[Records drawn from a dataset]
__________________________________________________

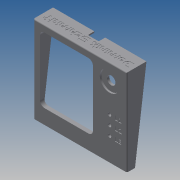
# Autodesk Inventor part: Top
Saved by Autodesk Inventor 2019 (Build 230136000, 136)
## iProperties
Created: 2022-10-27
Part Number: Top
Material: Generisch
Document SubType Name: Modeling
Designer: Dominik Schmidt
Density: 1 g/cm^3
Appearance: Vorgabe
Author: Dominik Schmidt
Autodesk Inventor part; units mm, degrees
ref_plane "YZ Plane" through (0, 0, 0) normal (1, 0, 0) x (0, 1, 0)
ref_plane "XZ Plane" through (0, 0, 0) normal (0, 1, 0) x (-1, 0, 0)
ref_plane "XY Plane" through (0, 0, 0) normal (0, 0, 1) x (1, 0, 0)
sketch "Skizze1" plane through (0, 0, 0) normal (0, 0, 1) x (1, 0, 0)
  line L0 (-19.1, 28.5) -> (19.1, 28.5)
  line L1 (23.1, 24.5) -> (23.1, -24.5)
  line L2 (19.1, -28.5) -> (-19.1, -28.5)
  line L3 (-23.1, -24.5) -> (-23.1, 24.5)
  line L4 (-23.1, 28.5) -> (23.1, -28.5) construction
  line L5 (23.1, 28.5) -> (-23.1, -28.5) construction
  circle A0 centre (37.5, 20) radius 3.7
  arc A1 (-19.1, 28.5) -> (-23.1, 24.5) centre (-19.1, 24.5) ccw
  arc A2 (23.1, 24.5) -> (19.1, 28.5) centre (19.1, 24.5) ccw
  arc A3 (-23.1, -24.5) -> (-19.1, -28.5) centre (-19.1, -24.5) ccw
  arc A4 (19.1, -28.5) -> (23.1, -24.5) centre (19.1, -24.5) ccw
  circle A5 centre (37.5, 20) radius 12
  line L6 (31.4, 28) -> (43.6, 28)
  line L7 (43.6, 28) -> (43.6, 12)
  line L8 (43.6, 12) -> (31.4, 12)
  line L9 (31.4, 12) -> (31.4, 28)
  line L10 (31.4, 28) -> (43.6, 12) construction
  line L11 (43.6, 28) -> (31.4, 12) construction
  line L12 (-25.5, 32) -> (25.5, 32)
  line L13 (25.5, 32) -> (25.5, -32)
  line L14 (25.5, -32) -> (-25.5, -32)
  line L15 (-25.5, -32) -> (-25.5, 32)
  line L16 (-25.5, 32) -> (25.5, -32) construction
  line L17 (25.5, 32) -> (-25.5, -32) construction
  circle A6 centre (37.5, -5) radius 1.5
  circle A7 centre (37.5, -13) radius 1.5
  circle A8 centre (37.5, -21) radius 1.5
  line L18 (-27.5, 33) -> (51.5, 33)
  line L19 (51.5, 33) -> (51.5, -33)
  line L20 (-27.5, -33) -> (-27.5, 33)
  line L21 (52.7, 34.2) -> (-28.7, 34.2)
  line L22 (-28.7, 34.2) -> (-28.7, -34.2)
  line L23 (52.7, -34.2) -> (52.7, 34.2)
  line L24 (-27.72, -34.2) -> (-27.2531, -34.2)
  line L25 (52.7, -34.2) -> (52.7, -41.2)
  line L26 (52.7, -41.2) -> (-28.7, -41.2)
  line L27 (-28.7, -41.2) -> (-28.7, -34.2)
  line L28 (-27.5, -33) -> (-27.5, -40)
  line L29 (-27.5, -40) -> (51.5, -40)
  line L30 (51.5, -40) -> (51.5, -33)
  point P0 (0, 0)
  dimension "d3" = 57
  dimension "d4" = 46.2
  dimension "d5" = 4
  dimension "d6" = 4
  dimension "d7" = 7.4
  dimension "d8" = 24
  dimension "d9" = 12.2
  dimension "d10" = 16
  dimension "d11" = 51
  dimension "d12" = 64
  dimension "d13" = 12
  dimension "d14" = 12
  dimension "d15" = 3
  dimension "d16" = 3
  dimension "d17" = 3
  dimension "d18" = 5
  dimension "d19" = 8
  dimension "d20" = 8
  dimension "d21" = 2
  dimension "d22" = 1
  dimension "d24" = 14
  dimension "d25" = 1.2
  dimension "d66" = 7
  dimension "d67" = 7
  constraints: 62 end point, 10 parallel, 10 point on line, 9 centre point, 9 perpendicular, 8 point on circle, 8 tangent, 6 midpoint, 4 horizontal, 2 equal radius, 1 coincident, 1 vertical, 1 other
  measures "d3" distance of L5.end L4.start
  measures "d4" distance of L4.start L5.start
  measures "d5" radius of A1
  measures "d6" radius of A2
  measures "d7" diameter of A0
  measures "d8" diameter of A5
  measures "d9" distance of L7.end L8.end
  measures "d10" distance of L6.end L7.end
  measures "d11" distance of L13.end L14.end
  measures "d12" distance of L12.end L13.end
  measures "d13" distance from line of L13 A0.centre
  measures "d14" distance from line of L12 A0.centre
  measures "d15" diameter of A6
  measures "d16" diameter of A7
  measures "d17" diameter of A8
  measures "d18" vertical distance of A6.centre point (0, 0)
  measures "d19" distance of A7.centre A6.centre
  measures "d20" distance of A8.centre A7.centre
  measures "d21" distance between parallel lines of L20 L15
  measures "d22" distance between parallel lines of L12 L18
  measures "d24" distance from line of L19 A0.centre
  measures "d25" distance between parallel lines of L18 L21
  measures "d66" distance of L23.start L25.end
  measures "d67" distance of L20.start L28.end
extrude "Extrusion1" add sketch "Skizze1" along normal blind 3.5 contours L13 L14 L15 L12
extrude "Extrusion2" add sketch "Skizze1" along normal blind 3.5 contours A5 | L6 L7 L8 L9 | L18 L19 L30 L29 L28 L20
extrude "Extrusion3" add sketch "Skizze1" along normal blind 3.5 and the other way blind 30 contours L23 L25 L26 L27 L22 L21
fillet "Rundung1" radius 1 3 edges at (-28.7, -3.5, 3.5) (12, 34.2, 3.5) (52.7, -3.5, 3.5)
sketch "Skizze2" plane through (0, 0, 3.5) normal (0, 0, 1) x (1, 0, 0)
  line L0 (33.8697, -1.9022) -> (41.4785, -1.9022)
  line L1 (41.4785, -1.9022) -> (41.4785, -24.9399)
  line L2 (41.4785, -24.9399) -> (33.8697, -24.9399)
  line L3 (33.8697, -24.9399) -> (33.8697, -1.9022)
  point P0 (0, 0)
  constraints: 8 end point, 2 parallel, 1 horizontal, 1 perpendicular
extrude "Extrusion4" add sketch "Skizze2" against normal blind 0.2
sketch "Skizze3" plane through (0, 0, 0) normal (0, 0, -1) x (-1, 0, 0)
  circle A0 centre (-37.5, -5) radius 1.5 projected
  circle A1 centre (-37.5, -5) radius 1.5
  circle A2 centre (-37.5, -13) radius 1.5 projected
  circle A3 centre (-37.5, -13) radius 1.5
  circle A4 centre (-37.5, -21) radius 1.5 projected
  circle A5 centre (-37.5, -21) radius 1.5
  circle A6 centre (-37.5, -5) radius 2.5
  circle A7 centre (-37.5, -13) radius 2.5
  circle A8 centre (-37.5, -21) radius 2.5
  point P0 (0, 0)
  dimension "d37" = 3
  dimension "d38" = 3
  dimension "d39" = 5
  dimension "d40" = 5
  dimension "d41" = 5
  constraints: 6 centre point, 6 coincident
  measures "d37" diameter of A1
  measures "d38" diameter of A3
  measures "d39" diameter of A6
  measures "d40" diameter of A7
  measures "d41" diameter of A8
extrude "Extrusion5" add sketch "Skizze3" along normal blind 1
sketch "Skizze4" plane through (52.7, -34.2, -30) normal (1, 0, 0) x (0, 0, -1)
  line L0 (-32.5, 68.4) -> (0, 68.4) projected
  line L1 (-32.5, 68.4) -> (-32.5, 0)
  line L2 (-32.5, 68.4) -> (-16.5, 68.4)
  line L3 (0, 68.4) -> (0, -7) projected
  line L4 (0, 0) -> (0, 68.4)
  line L5 (-32.5, -7) -> (-32.5, 68.4) projected
  line L6 (-32.5, 0) -> (-32.5, -7)
  line L7 (-32.5, -7) -> (-26.5, -7)
  line L8 (-26.5, -7) -> (-16.5, 68.4)
  line L9 (0, -7) -> (-32.5, -7) projected
  line L10 (-26.5, -7) -> (0, -7)
  point P0 (-30, 34.2)
  dimension "d45" = 16
  dimension "d68" = 6
  constraints: 14 end point, 2 collinear, 1 perpendicular, 1 point on line
  measures "d45" distance of L0.start L2.end
  measures "d68" distance of L5.start L7.end
sketch "Skizze6" plane through (-28.7, 34.2, 2.5) normal (0, 1, 0) x (1, 0, 0)
  line L0 (78.4875, 2.7744) -> (3.0019, 2.7744) construction
  line L1 (3.0019, 2.7744) -> (3.0019, 8.8744) construction
  line L2 (3.0019, 8.8744) -> (78.4875, 8.8744) construction
  line L3 (78.4875, 8.8744) -> (78.4875, 2.7744) construction
  spline S0 degree 2 poles (72.0827, 5.8217) (72.0827, 7.0827) (72.9812, 7.9812) knots 0 0 0 1 1 1
  spline S1 degree 2 poles (72.9812, 7.9812) (73.8744, 8.8744) (75.1406, 8.8744) knots 0 0 0 1 1 1
  line L4 (75.1406, 8.8744) -> (78.188, 8.8744)
  line L5 (78.188, 8.8744) -> (78.188, 7.5293)
  line L6 (78.188, 7.5293) -> (75.1406, 7.5293)
  spline S2 degree 2 poles (75.1406, 7.5293) (74.4418, 7.5293) (73.9374, 7.0302) knots 0 0 0 1 1 1
  spline S3 degree 2 poles (73.9374, 7.0302) (73.433, 6.5205) (73.433, 5.8217) knots 0 0 0 1 1 1
  spline S4 degree 2 poles (73.433, 5.8217) (73.433, 5.123) (73.9374, 4.6238) knots 0 0 0 1 1 1
  spline S5 degree 2 poles (73.9374, 4.6238) (74.4366, 4.1194) (75.1406, 4.1194) knots 0 0 0 1 1 1
  line L7 (75.1406, 4.1194) -> (78.188, 4.1194)
  line L8 (78.188, 4.1194) -> (78.188, 2.7744)
  line L9 (78.188, 2.7744) -> (75.1406, 2.7744)
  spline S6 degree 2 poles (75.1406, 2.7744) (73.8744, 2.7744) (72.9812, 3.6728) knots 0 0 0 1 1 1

__________________________________________________

▶ _PROBLEM REQUIREMENTS_: The lines above, starting at the one with "line L5 (-32.5, -7)" and ending at the one with "line L2 (3.0019, 8.8744)", are the only ones to return, exactly as written.

▶ _RESPONSE_:
  line L5 (-32.5, -7) -> (-32.5, 68.4) projected
  line L6 (-32.5, 0) -> (-32.5, -7)
  line L7 (-32.5, -7) -> (-26.5, -7)
  line L8 (-26.5, -7) -> (-16.5, 68.4)
  line L9 (0, -7) -> (-32.5, -7) projected
  line L10 (-26.5, -7) -> (0, -7)
  point P0 (-30, 34.2)
  dimension "d45" = 16
  dimension "d68" = 6
  constraints: 14 end point, 2 collinear, 1 perpendicular, 1 point on line
  measures "d45" distance of L0.start L2.end
  measures "d68" distance of L5.start L7.end
sketch "Skizze6" plane through (-28.7, 34.2, 2.5) normal (0, 1, 0) x (1, 0, 0)
  line L0 (78.4875, 2.7744) -> (3.0019, 2.7744) construction
  line L1 (3.0019, 2.7744) -> (3.0019, 8.8744) construction
  line L2 (3.0019, 8.8744) -> (78.4875, 8.8744) construction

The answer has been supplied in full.